Regreso como cuando me fui: igual, pero nunca el mismo. La idea es esa, ir cambiando y renovándose, por eso no entiendo cómo hay gente que se despide de uno diciéndole nunca cambies, como si quisieran que uno siguiera siendo la misma alimaña imperfecta. Asumo que es algo como sigue siendo como te he conocido, pero para mí no hay nada mejor que los cambios, porque solo a través de ellos llegan las nuevas ideas.

A mí me cambió una reciente gastroenteritis. Como no suelo enfermarme nunca, cuando un virus toca mi cuerpo con sus malignos síntomas, hago una pausa casi filosófica en la vida. Para mí, la enfermedad es una perdedera de tiempo y de energía que curiosamente a muchos les gusta, pues la ven como una forma de llamar la atención, de que los consientan y llamen más de lo normal. A mí como la lambonería me agota, no me interesa que todo el mundo sepa cuándo me enfermo, porque no quiero halagos ni compasiones de extraños. Busco que lo sepa solo la gente que sé que realmente le interesa saberlo.

Desde que tengo memoria he tenido un súper poder envidiable: comer lo que sea sin que me pase nada. Parezco un pollo de finca que se manda al buche todo lo que le ponen en frente. Me encanta la comida y la disfruto mucho, sea cual sea la razón para comer. Para mí esos son los súper poderes, esas cualidades humanas envidiables como dormir poco, tener buen aguante y un cerebro limpio de sustancias psicotrópicas.

Tal parece que esas épocas de gloria callejera ahora son historia.

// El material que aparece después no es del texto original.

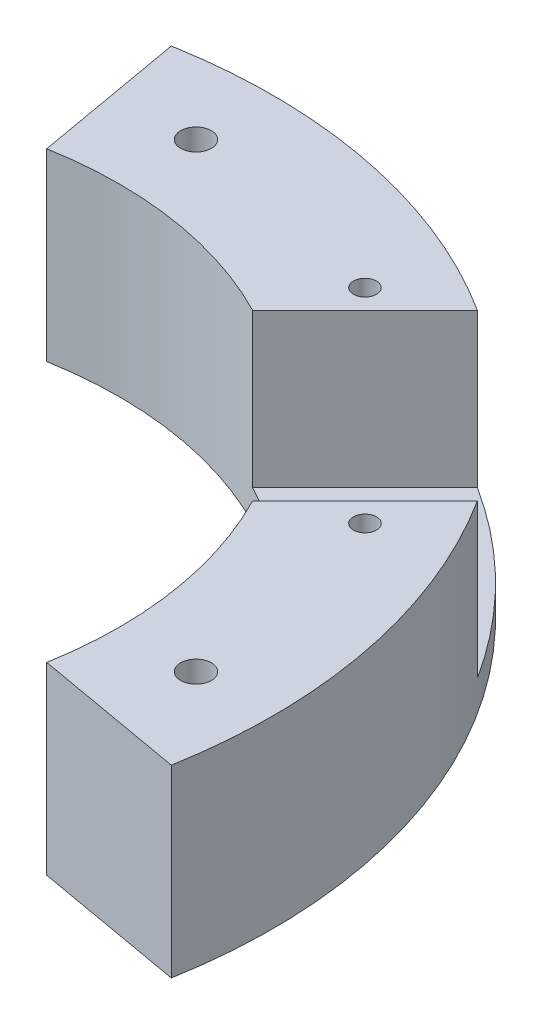
ISO-10303-21;
HEADER;
FILE_DESCRIPTION(('STEP AP214'),'2;1');
FILE_NAME('part.step','',(''),(''),'','','');
FILE_SCHEMA(('AUTOMOTIVE_DESIGN { 1 0 10303 214 1 1 1 1 }'));
ENDSEC;
DATA;
#1=APPLICATION_CONTEXT('core data for automotive mechanical design processes');
#2=APPLICATION_PROTOCOL_DEFINITION('international standard','automotive_design',2000,#1);
#3=PRODUCT_CONTEXT('',#1,'mechanical');
#4=PRODUCT('Part','Part','',(#3));
#5=PRODUCT_RELATED_PRODUCT_CATEGORY('part','',(#4));
#6=PRODUCT_DEFINITION_FORMATION('','',#4);
#7=PRODUCT_DEFINITION_CONTEXT('part definition',#1,'design');
#8=PRODUCT_DEFINITION('design','',#6,#7);
#9=PRODUCT_DEFINITION_SHAPE('','',#8);
#10=(LENGTH_UNIT() NAMED_UNIT(*) SI_UNIT(.MILLI.,.METRE.));
#11=(NAMED_UNIT(*) PLANE_ANGLE_UNIT() SI_UNIT($,.RADIAN.));
#12=(NAMED_UNIT(*) SI_UNIT($,.STERADIAN.) SOLID_ANGLE_UNIT());
#13=UNCERTAINTY_MEASURE_WITH_UNIT(LENGTH_MEASURE(1.E-05),#10,'distance_accuracy_value','');
#14=(GEOMETRIC_REPRESENTATION_CONTEXT(3) GLOBAL_UNCERTAINTY_ASSIGNED_CONTEXT((#13)) GLOBAL_UNIT_ASSIGNED_CONTEXT((#10,
#11,#12)) REPRESENTATION_CONTEXT('',''));
#15=CARTESIAN_POINT('',(0.,0.,0.));
#16=DIRECTION('',(0.,0.,1.));
#17=DIRECTION('',(1.,0.,0.));
#18=AXIS2_PLACEMENT_3D('',#15,#16,#17);
#19=CARTESIAN_POINT('',(0.,30.,0.));
#20=DIRECTION('',(0.,1.,0.));
#21=DIRECTION('',(0.,0.,1.));
#22=AXIS2_PLACEMENT_3D('',#19,#20,#21);
#23=PLANE('',#22);
#24=CARTESIAN_POINT('',(34.6320528403257,30.,-67.8660715560944));
#25=DIRECTION('',(0.,1.,0.));
#26=DIRECTION('',(0.,0.,1.));
#27=AXIS2_PLACEMENT_3D('',#24,#25,#26);
#28=CIRCLE('',#27,1.875);
#29=CARTESIAN_POINT('',(34.6320528403257,30.,-65.9910715560944));
#30=VERTEX_POINT('',#29);
#31=EDGE_CURVE('E234',#30,#30,#28,.T.);
#32=ORIENTED_EDGE('',*,*,#31,.F.);
#33=EDGE_LOOP('',(#32));
#34=FACE_BOUND('',#33,.T.);
#35=DIRECTION('',(-0.707106781186541,0.,0.707106781186554));
#36=VECTOR('',#35,1.);
#37=CARTESIAN_POINT('',(28.6675245242047,30.,-55.5375822092943));
#38=LINE('',#37,#36);
#39=CARTESIAN_POINT('',(46.9605421871256,30.,-73.8305998722155));
#40=VERTEX_POINT('',#39);
#41=CARTESIAN_POINT('',(28.6675245242047,30.,-55.5375822092943));
#42=VERTEX_POINT('',#41);
#43=EDGE_CURVE('E127',#40,#42,#38,.T.);
#44=ORIENTED_EDGE('',*,*,#43,.F.);
#45=CARTESIAN_POINT('',(0.,30.,0.));
#46=DIRECTION('',(0.,1.,0.));
#47=DIRECTION('',(0.,0.,1.));
#48=AXIS2_PLACEMENT_3D('',#45,#46,#47);
#49=CIRCLE('',#48,87.5);
#50=CARTESIAN_POINT('',(-15.1942155458574,30.,-86.170678388568));
#51=VERTEX_POINT('',#50);
#52=EDGE_CURVE('E154',#40,#51,#49,.T.);
#53=ORIENTED_EDGE('',*,*,#52,.T.);
#54=DIRECTION('',(0.173648177666941,0.,0.984807753012206));
#55=VECTOR('',#54,1.);
#56=CARTESIAN_POINT('',(-10.8530111041838,30.,-61.5504845632629));
#57=LINE('',#56,#55);
#58=CARTESIAN_POINT('',(-10.8530111041838,30.,-61.5504845632629));
#59=VERTEX_POINT('',#58);
#60=EDGE_CURVE('E61',#51,#59,#57,.T.);
#61=ORIENTED_EDGE('',*,*,#60,.T.);
#62=CARTESIAN_POINT('',(0.,30.,0.));
#63=DIRECTION('',(0.,-1.,0.));
#64=DIRECTION('',(0.,0.,1.));
#65=AXIS2_PLACEMENT_3D('',#62,#63,#64);
#66=CIRCLE('',#65,62.5);
#67=EDGE_CURVE('E150',#59,#42,#66,.T.);
#68=ORIENTED_EDGE('',*,*,#67,.T.);
#69=EDGE_LOOP('',(#44,#53,#61,#68));
#70=FACE_BOUND('',#69,.T.);
#71=CARTESIAN_POINT('',(0.,30.,-75.));
#72=DIRECTION('',(0.,1.,0.));
#73=DIRECTION('',(0.,0.,1.));
#74=AXIS2_PLACEMENT_3D('',#71,#72,#73);
#75=CIRCLE('',#74,2.5);
#76=CARTESIAN_POINT('',(0.,30.,-72.5));
#77=VERTEX_POINT('',#76);
#78=EDGE_CURVE('E136',#77,#77,#75,.T.);
#79=ORIENTED_EDGE('',*,*,#78,.F.);
#80=EDGE_LOOP('',(#79));
#81=FACE_BOUND('',#80,.T.);
#82=ADVANCED_FACE('F37',(#34,#70,#81),#23,.T.);
#83=CARTESIAN_POINT('',(67.8660715560937,30.,-34.6320528403269));
#84=DIRECTION('',(0.,1.,0.));
#85=DIRECTION('',(0.,0.,1.));
#86=AXIS2_PLACEMENT_3D('',#83,#84,#85);
#87=CIRCLE('',#86,1.875);
#88=CARTESIAN_POINT('',(67.8660715560937,30.,-32.7570528403269));
#89=VERTEX_POINT('',#88);
#90=EDGE_CURVE('E237',#89,#89,#87,.T.);
#91=ORIENTED_EDGE('',*,*,#90,.F.);
#92=EDGE_LOOP('',(#91));
#93=FACE_BOUND('',#92,.T.);
#94=DIRECTION('',(0.707106781186541,0.,-0.707106781186554));
#95=VECTOR('',#94,1.);
#96=CARTESIAN_POINT('',(55.5375822092937,30.,-28.6675245242057));
#97=LINE('',#96,#95);
#98=CARTESIAN_POINT('',(55.5375822092937,30.,-28.6675245242057));
#99=VERTEX_POINT('',#98);
#100=CARTESIAN_POINT('',(73.8305998722147,30.,-46.960542187127));
#101=VERTEX_POINT('',#100);
#102=EDGE_CURVE('E188',#99,#101,#97,.T.);
#103=ORIENTED_EDGE('',*,*,#102,.F.);
#104=CARTESIAN_POINT('',(61.5504845632631,30.,10.8530111041827));
#105=VERTEX_POINT('',#104);
#106=EDGE_CURVE('E90',#99,#105,#66,.T.);
#107=ORIENTED_EDGE('',*,*,#106,.T.);
#108=DIRECTION('',(0.984807753012209,0.,0.173648177666924));
#109=VECTOR('',#108,1.);
#110=CARTESIAN_POINT('',(61.5504845632631,30.,10.8530111041827));
#111=LINE('',#110,#109);
#112=CARTESIAN_POINT('',(86.1706783885683,30.,15.1942155458558));
#113=VERTEX_POINT('',#112);
#114=EDGE_CURVE('E152',#105,#113,#111,.T.);
#115=ORIENTED_EDGE('',*,*,#114,.T.);
#116=EDGE_CURVE('E155',#113,#101,#49,.T.);
#117=ORIENTED_EDGE('',*,*,#116,.T.);
#118=EDGE_LOOP('',(#103,#107,#115,#117));
#119=FACE_BOUND('',#118,.T.);
#120=CARTESIAN_POINT('',(75.,30.,0.));
#121=DIRECTION('',(0.,1.,0.));
#122=DIRECTION('',(0.,0.,1.));
#123=AXIS2_PLACEMENT_3D('',#120,#121,#122);
#124=CIRCLE('',#123,2.50000000000001);
#125=CARTESIAN_POINT('',(75.,30.,2.50000000000001));
#126=VERTEX_POINT('',#125);
#127=EDGE_CURVE('E144',#126,#126,#124,.T.);
#128=ORIENTED_EDGE('',*,*,#127,.F.);
#129=EDGE_LOOP('',(#128));
#130=FACE_BOUND('',#129,.T.);
#131=ADVANCED_FACE('F207',(#93,#119,#130),#23,.T.);
#132=CARTESIAN_POINT('',(0.,0.,0.));
#133=DIRECTION('',(0.,1.,0.));
#134=DIRECTION('',(0.,0.,1.));
#135=AXIS2_PLACEMENT_3D('',#132,#133,#134);
#136=PLANE('',#135);
#137=CARTESIAN_POINT('',(67.8660715560937,0.,-34.6320528403269));
#138=DIRECTION('',(0.,1.,0.));
#139=DIRECTION('',(0.,0.,1.));
#140=AXIS2_PLACEMENT_3D('',#137,#138,#139);
#141=CIRCLE('',#140,1.875);
#142=CARTESIAN_POINT('',(67.8660715560937,0.,-32.7570528403269));
#143=VERTEX_POINT('',#142);
#144=EDGE_CURVE('E190',#143,#143,#141,.T.);
#145=ORIENTED_EDGE('',*,*,#144,.T.);
#146=EDGE_LOOP('',(#145));
#147=FACE_BOUND('',#146,.T.);
#148=CARTESIAN_POINT('',(34.6320528403257,0.,-67.8660715560944));
#149=DIRECTION('',(0.,1.,0.));
#150=DIRECTION('',(0.,0.,1.));
#151=AXIS2_PLACEMENT_3D('',#148,#149,#150);
#152=CIRCLE('',#151,1.875);
#153=CARTESIAN_POINT('',(34.6320528403257,0.,-65.9910715560944));
#154=VERTEX_POINT('',#153);
#155=EDGE_CURVE('E231',#154,#154,#152,.T.);
#156=ORIENTED_EDGE('',*,*,#155,.T.);
#157=EDGE_LOOP('',(#156));
#158=FACE_BOUND('',#157,.T.);
#159=CARTESIAN_POINT('',(0.,0.,0.));
#160=DIRECTION('',(0.,-1.,0.));
#161=DIRECTION('',(0.,0.,1.));
#162=AXIS2_PLACEMENT_3D('',#159,#160,#161);
#163=CIRCLE('',#162,62.5);
#164=CARTESIAN_POINT('',(-10.8530111041838,0.,-61.5504845632629));
#165=VERTEX_POINT('',#164);
#166=CARTESIAN_POINT('',(61.5504845632631,0.,10.8530111041827));
#167=VERTEX_POINT('',#166);
#168=EDGE_CURVE('E147',#165,#167,#163,.T.);
#169=ORIENTED_EDGE('',*,*,#168,.F.);
#170=DIRECTION('',(0.173648177666941,0.,0.984807753012206));
#171=VECTOR('',#170,1.);
#172=CARTESIAN_POINT('',(-10.8530111041838,0.,-61.5504845632629));
#173=LINE('',#172,#171);
#174=CARTESIAN_POINT('',(-15.1942155458574,0.,-86.170678388568));
#175=VERTEX_POINT('',#174);
#176=EDGE_CURVE('E82',#175,#165,#173,.T.);
#177=ORIENTED_EDGE('',*,*,#176,.F.);
#178=CARTESIAN_POINT('',(0.,0.,0.));
#179=DIRECTION('',(0.,1.,0.));
#180=DIRECTION('',(0.,0.,1.));
#181=AXIS2_PLACEMENT_3D('',#178,#179,#180);
#182=CIRCLE('',#181,87.5);
#183=CARTESIAN_POINT('',(86.1706783885683,0.,15.1942155458558));
#184=VERTEX_POINT('',#183);
#185=EDGE_CURVE('E164',#184,#175,#182,.T.);
#186=ORIENTED_EDGE('',*,*,#185,.F.);
#187=DIRECTION('',(0.984807753012209,0.,0.173648177666924));
#188=VECTOR('',#187,1.);
#189=CARTESIAN_POINT('',(61.5504845632631,0.,10.8530111041827));
#190=LINE('',#189,#188);
#191=EDGE_CURVE('E162',#167,#184,#190,.T.);
#192=ORIENTED_EDGE('',*,*,#191,.F.);
#193=EDGE_LOOP('',(#169,#177,#186,#192));
#194=FACE_BOUND('',#193,.T.);
#195=CARTESIAN_POINT('',(75.,0.,0.));
#196=DIRECTION('',(0.,1.,0.));
#197=DIRECTION('',(0.,0.,1.));
#198=AXIS2_PLACEMENT_3D('',#195,#196,#197);
#199=CIRCLE('',#198,2.50000000000001);
#200=CARTESIAN_POINT('',(75.,0.,2.50000000000001));
#201=VERTEX_POINT('',#200);
#202=EDGE_CURVE('E139',#201,#201,#199,.T.);
#203=ORIENTED_EDGE('',*,*,#202,.T.);
#204=EDGE_LOOP('',(#203));
#205=FACE_BOUND('',#204,.T.);
#206=CARTESIAN_POINT('',(0.,0.,-75.));
#207=DIRECTION('',(0.,1.,0.));
#208=DIRECTION('',(0.,0.,1.));
#209=AXIS2_PLACEMENT_3D('',#206,#207,#208);
#210=CIRCLE('',#209,2.5);
#211=CARTESIAN_POINT('',(0.,0.,-72.5));
#212=VERTEX_POINT('',#211);
#213=EDGE_CURVE('E140',#212,#212,#210,.T.);
#214=ORIENTED_EDGE('',*,*,#213,.T.);
#215=EDGE_LOOP('',(#214));
#216=FACE_BOUND('',#215,.T.);
#217=ADVANCED_FACE('F180',(#147,#158,#194,#205,#216),#136,.F.);
#218=CARTESIAN_POINT('',(0.,30.,0.));
#219=DIRECTION('',(0.,-1.,0.));
#220=DIRECTION('',(0.,0.,-1.));
#221=AXIS2_PLACEMENT_3D('',#218,#219,#220);
#222=CYLINDRICAL_SURFACE('',#221,62.5);
#223=CARTESIAN_POINT('',(0.,5.,0.));
#224=DIRECTION('',(0.,-1.,0.));
#225=DIRECTION('',(0.,0.,1.));
#226=AXIS2_PLACEMENT_3D('',#223,#224,#225);
#227=CIRCLE('',#226,62.5);
#228=CARTESIAN_POINT('',(28.6675245242047,5.,-55.5375822092943));
#229=VERTEX_POINT('',#228);
#230=CARTESIAN_POINT('',(55.5375822092937,5.,-28.6675245242057));
#231=VERTEX_POINT('',#230);
#232=EDGE_CURVE('E118',#229,#231,#227,.T.);
#233=ORIENTED_EDGE('',*,*,#232,.F.);
#234=DIRECTION('',(0.,1.,0.));
#235=VECTOR('',#234,1.);
#236=CARTESIAN_POINT('',(28.6675245242047,5.,-55.5375822092943));
#237=LINE('',#236,#235);
#238=EDGE_CURVE('E143',#229,#42,#237,.T.);
#239=ORIENTED_EDGE('',*,*,#238,.T.);
#240=ORIENTED_EDGE('',*,*,#67,.F.);
#241=DIRECTION('',(0.,-1.,0.));
#242=VECTOR('',#241,1.);
#243=CARTESIAN_POINT('',(-10.8530111041838,30.,-61.5504845632629));
#244=LINE('',#243,#242);
#245=EDGE_CURVE('E159',#59,#165,#244,.T.);
#246=ORIENTED_EDGE('',*,*,#245,.T.);
#247=ORIENTED_EDGE('',*,*,#168,.T.);
#248=DIRECTION('',(0.,-1.,0.));
#249=VECTOR('',#248,1.);
#250=CARTESIAN_POINT('',(61.5504845632631,30.,10.8530111041827));
#251=LINE('',#250,#249);
#252=EDGE_CURVE('E11',#105,#167,#251,.T.);
#253=ORIENTED_EDGE('',*,*,#252,.F.);
#254=ORIENTED_EDGE('',*,*,#106,.F.);
#255=DIRECTION('',(0.,1.,0.));
#256=VECTOR('',#255,1.);
#257=CARTESIAN_POINT('',(55.5375822092937,5.,-28.6675245242057));
#258=LINE('',#257,#256);
#259=EDGE_CURVE('E113',#231,#99,#258,.T.);
#260=ORIENTED_EDGE('',*,*,#259,.F.);
#261=EDGE_LOOP('',(#233,#239,#240,#246,#247,#253,#254,#260));
#262=FACE_BOUND('',#261,.T.);
#263=ADVANCED_FACE('F39',(#262),#222,.F.);
#264=CARTESIAN_POINT('',(61.5504845632631,30.,10.8530111041827));
#265=DIRECTION('',(0.173648177666924,0.,-0.984807753012209));
#266=DIRECTION('',(-0.984807753012209,0.,-0.173648177666924));
#267=AXIS2_PLACEMENT_3D('',#264,#265,#266);
#268=PLANE('',#267);
#269=ORIENTED_EDGE('',*,*,#191,.T.);
#270=DIRECTION('',(0.,-1.,0.));
#271=VECTOR('',#270,1.);
#272=CARTESIAN_POINT('',(86.1706783885683,30.,15.1942155458558));
#273=LINE('',#272,#271);
#274=EDGE_CURVE('E45',#113,#184,#273,.T.);
#275=ORIENTED_EDGE('',*,*,#274,.F.);
#276=ORIENTED_EDGE('',*,*,#114,.F.);
#277=ORIENTED_EDGE('',*,*,#252,.T.);
#278=EDGE_LOOP('',(#269,#275,#276,#277));
#279=FACE_BOUND('',#278,.T.);
#280=ADVANCED_FACE('F223',(#279),#268,.F.);
#281=CARTESIAN_POINT('',(0.,30.,0.));
#282=DIRECTION('',(0.,-1.,0.));
#283=DIRECTION('',(0.,0.,-1.));
#284=AXIS2_PLACEMENT_3D('',#281,#282,#283);
#285=CYLINDRICAL_SURFACE('',#284,87.5);
#286=ORIENTED_EDGE('',*,*,#52,.F.);
#287=DIRECTION('',(0.,1.,0.));
#288=VECTOR('',#287,1.);
#289=CARTESIAN_POINT('',(46.9605421871256,5.,-73.8305998722155));
#290=LINE('',#289,#288);
#291=CARTESIAN_POINT('',(46.9605421871256,5.,-73.8305998722155));
#292=VERTEX_POINT('',#291);
#293=EDGE_CURVE('E131',#292,#40,#290,.T.);
#294=ORIENTED_EDGE('',*,*,#293,.F.);
#295=CARTESIAN_POINT('',(0.,5.,0.));
#296=DIRECTION('',(0.,1.,0.));
#297=DIRECTION('',(0.,0.,1.));
#298=AXIS2_PLACEMENT_3D('',#295,#296,#297);
#299=CIRCLE('',#298,87.5);
#300=CARTESIAN_POINT('',(73.8305998722147,5.,-46.960542187127));
#301=VERTEX_POINT('',#300);
#302=EDGE_CURVE('E117',#301,#292,#299,.T.);
#303=ORIENTED_EDGE('',*,*,#302,.F.);
#304=DIRECTION('',(0.,1.,0.));
#305=VECTOR('',#304,1.);
#306=CARTESIAN_POINT('',(73.8305998722147,5.,-46.960542187127));
#307=LINE('',#306,#305);
#308=EDGE_CURVE('E115',#301,#101,#307,.T.);
#309=ORIENTED_EDGE('',*,*,#308,.T.);
#310=ORIENTED_EDGE('',*,*,#116,.F.);
#311=ORIENTED_EDGE('',*,*,#274,.T.);
#312=ORIENTED_EDGE('',*,*,#185,.T.);
#313=DIRECTION('',(0.,-1.,0.));
#314=VECTOR('',#313,1.);
#315=CARTESIAN_POINT('',(-15.1942155458574,30.,-86.170678388568));
#316=LINE('',#315,#314);
#317=EDGE_CURVE('E168',#51,#175,#316,.T.);
#318=ORIENTED_EDGE('',*,*,#317,.F.);
#319=EDGE_LOOP('',(#286,#294,#303,#309,#310,#311,#312,#318));
#320=FACE_BOUND('',#319,.T.);
#321=ADVANCED_FACE('F175',(#320),#285,.T.);
#322=CARTESIAN_POINT('',(-10.8530111041838,30.,-61.5504845632629));
#323=DIRECTION('',(0.984807753012206,0.,-0.173648177666941));
#324=DIRECTION('',(-0.173648177666941,0.,-0.984807753012206));
#325=AXIS2_PLACEMENT_3D('',#322,#323,#324);
#326=PLANE('',#325);
#327=ORIENTED_EDGE('',*,*,#176,.T.);
#328=ORIENTED_EDGE('',*,*,#245,.F.);
#329=ORIENTED_EDGE('',*,*,#60,.F.);
#330=ORIENTED_EDGE('',*,*,#317,.T.);
#331=EDGE_LOOP('',(#327,#328,#329,#330));
#332=FACE_BOUND('',#331,.T.);
#333=ADVANCED_FACE('F183',(#332),#326,.F.);
#334=CARTESIAN_POINT('',(75.,30.,0.));
#335=DIRECTION('',(0.,-1.,0.));
#336=DIRECTION('',(0.,0.,-1.));
#337=AXIS2_PLACEMENT_3D('',#334,#335,#336);
#338=CYLINDRICAL_SURFACE('',#337,2.50000000000001);
#339=ORIENTED_EDGE('',*,*,#127,.T.);
#340=EDGE_LOOP('',(#339));
#341=FACE_BOUND('',#340,.T.);
#342=ORIENTED_EDGE('',*,*,#202,.F.);
#343=EDGE_LOOP('',(#342));
#344=FACE_BOUND('',#343,.T.);
#345=ADVANCED_FACE('F202',(#341,#344),#338,.F.);
#346=CARTESIAN_POINT('',(0.,30.,-75.));
#347=DIRECTION('',(0.,-1.,0.));
#348=DIRECTION('',(0.,0.,-1.));
#349=AXIS2_PLACEMENT_3D('',#346,#347,#348);
#350=CYLINDRICAL_SURFACE('',#349,2.5);
#351=ORIENTED_EDGE('',*,*,#78,.T.);
#352=EDGE_LOOP('',(#351));
#353=FACE_BOUND('',#352,.T.);
#354=ORIENTED_EDGE('',*,*,#213,.F.);
#355=EDGE_LOOP('',(#354));
#356=FACE_BOUND('',#355,.T.);
#357=ADVANCED_FACE('F195',(#353,#356),#350,.F.);
#358=CARTESIAN_POINT('',(28.6675245242047,5.,-55.5375822092943));
#359=DIRECTION('',(-0.707106781186554,0.,-0.707106781186541));
#360=DIRECTION('',(-0.707106781186541,0.,0.707106781186554));
#361=AXIS2_PLACEMENT_3D('',#358,#359,#360);
#362=PLANE('',#361);
#363=ORIENTED_EDGE('',*,*,#43,.T.);
#364=ORIENTED_EDGE('',*,*,#238,.F.);
#365=DIRECTION('',(-0.707106781186541,0.,0.707106781186554));
#366=VECTOR('',#365,1.);
#367=CARTESIAN_POINT('',(28.6675245242047,5.,-55.5375822092943));
#368=LINE('',#367,#366);
#369=EDGE_CURVE('E124',#292,#229,#368,.T.);
#370=ORIENTED_EDGE('',*,*,#369,.F.);
#371=ORIENTED_EDGE('',*,*,#293,.T.);
#372=EDGE_LOOP('',(#363,#364,#370,#371));
#373=FACE_BOUND('',#372,.T.);
#374=ADVANCED_FACE('F193',(#373),#362,.F.);
#375=CARTESIAN_POINT('',(55.5375822092937,5.,-28.6675245242057));
#376=DIRECTION('',(0.707106781186554,0.,0.707106781186541));
#377=DIRECTION('',(0.707106781186541,0.,-0.707106781186554));
#378=AXIS2_PLACEMENT_3D('',#375,#376,#377);
#379=PLANE('',#378);
#380=ORIENTED_EDGE('',*,*,#102,.T.);
#381=ORIENTED_EDGE('',*,*,#308,.F.);
#382=DIRECTION('',(0.707106781186541,0.,-0.707106781186554));
#383=VECTOR('',#382,1.);
#384=CARTESIAN_POINT('',(55.5375822092937,5.,-28.6675245242057));
#385=LINE('',#384,#383);
#386=EDGE_CURVE('E52',#231,#301,#385,.T.);
#387=ORIENTED_EDGE('',*,*,#386,.F.);
#388=ORIENTED_EDGE('',*,*,#259,.T.);
#389=EDGE_LOOP('',(#380,#381,#387,#388));
#390=FACE_BOUND('',#389,.T.);
#391=ADVANCED_FACE('F111',(#390),#379,.F.);
#392=CARTESIAN_POINT('',(0.,5.,0.));
#393=DIRECTION('',(0.,1.,0.));
#394=DIRECTION('',(0.,0.,1.));
#395=AXIS2_PLACEMENT_3D('',#392,#393,#394);
#396=PLANE('',#395);
#397=ORIENTED_EDGE('',*,*,#232,.T.);
#398=ORIENTED_EDGE('',*,*,#386,.T.);
#399=ORIENTED_EDGE('',*,*,#302,.T.);
#400=ORIENTED_EDGE('',*,*,#369,.T.);
#401=EDGE_LOOP('',(#397,#398,#399,#400));
#402=FACE_BOUND('',#401,.T.);
#403=ADVANCED_FACE('F122',(#402),#396,.T.);
#404=CARTESIAN_POINT('',(34.6320528403257,0.,-67.8660715560944));
#405=DIRECTION('',(0.,1.,0.));
#406=DIRECTION('',(0.,0.,1.));
#407=AXIS2_PLACEMENT_3D('',#404,#405,#406);
#408=CYLINDRICAL_SURFACE('',#407,1.875);
#409=ORIENTED_EDGE('',*,*,#155,.F.);
#410=EDGE_LOOP('',(#409));
#411=FACE_BOUND('',#410,.T.);
#412=ORIENTED_EDGE('',*,*,#31,.T.);
#413=EDGE_LOOP('',(#412));
#414=FACE_BOUND('',#413,.T.);
#415=ADVANCED_FACE('F247',(#411,#414),#408,.F.);
#416=CARTESIAN_POINT('',(67.8660715560937,0.,-34.6320528403269));
#417=DIRECTION('',(0.,1.,0.));
#418=DIRECTION('',(0.,0.,1.));
#419=AXIS2_PLACEMENT_3D('',#416,#417,#418);
#420=CYLINDRICAL_SURFACE('',#419,1.875);
#421=ORIENTED_EDGE('',*,*,#144,.F.);
#422=EDGE_LOOP('',(#421));
#423=FACE_BOUND('',#422,.T.);
#424=ORIENTED_EDGE('',*,*,#90,.T.);
#425=EDGE_LOOP('',(#424));
#426=FACE_BOUND('',#425,.T.);
#427=ADVANCED_FACE('F244',(#423,#426),#420,.F.);
#428=CLOSED_SHELL('',(#82,#131,#217,#263,#280,#321,#333,#345,#357,#374,#391,#403,#415,#427));
#429=MANIFOLD_SOLID_BREP('B2',#428);
#430=ADVANCED_BREP_SHAPE_REPRESENTATION('',(#18,#429),#14);
#431=SHAPE_DEFINITION_REPRESENTATION(#9,#430);
ENDSEC;
END-ISO-10303-21;

Supe que llegaría este día desde que empecé a tomar leche deslactosada, desde que mi evolucionada flora intestinal se volvió tan delicada como la de una duquesa. El perro de mil con salsas de quinientos, los chorizos santarrosanos con limón amarillo, la fritanga zombi de Doña Segunda, la leche entera y todas aquellas baratijas condimentadas vienen a mi cabeza en forma de alucinación, recordándome que si las dejo a un lado podré vivir un poco más y sin tener que volver a probar las sales de rehidratación, el peor castigo que alguien puede recibir.

Nunca supe cómo llegué a enfermarme, si fue por comer alguna santa porquería grasosa en la calle, o porque le estreché la mano a algún sucio, o por recogerle el popó a Colbón, que es como se llama mi pit bull. No interesa. El punto es que sentí lo que Homero Simpson decía cuando competía con el camionero Red: aún queda comida, pero ya no quiero tocarla. No me entraba la comida ni quería saber de ella. Fue ahí cuando me di cuenta de la triste verdad: ya soy grande.

Ahora entiendo cuando la gente mayor dice que el cuerpo no se presta para todo por siempre, que hay que aprovechar lo que se tiene porque los achaques llegan con reflujo, colon inflamado y las prohibiciones alimenticias que eso implica. Ya no tengo ese estómago de gamín canequero como antes, y eso me comprueba que estoy creciendo y convirtiéndome en el ser adulto que creí que llegaría lejos, mucho después en el futuro, o sea en mil años.

Ahora sé que estoy creciendo, y eso me lleva a decirle a mi cuerpo que sí cambie, que se adapte a ir muriendo lentamente mientras yo disfruto la vida a través de él.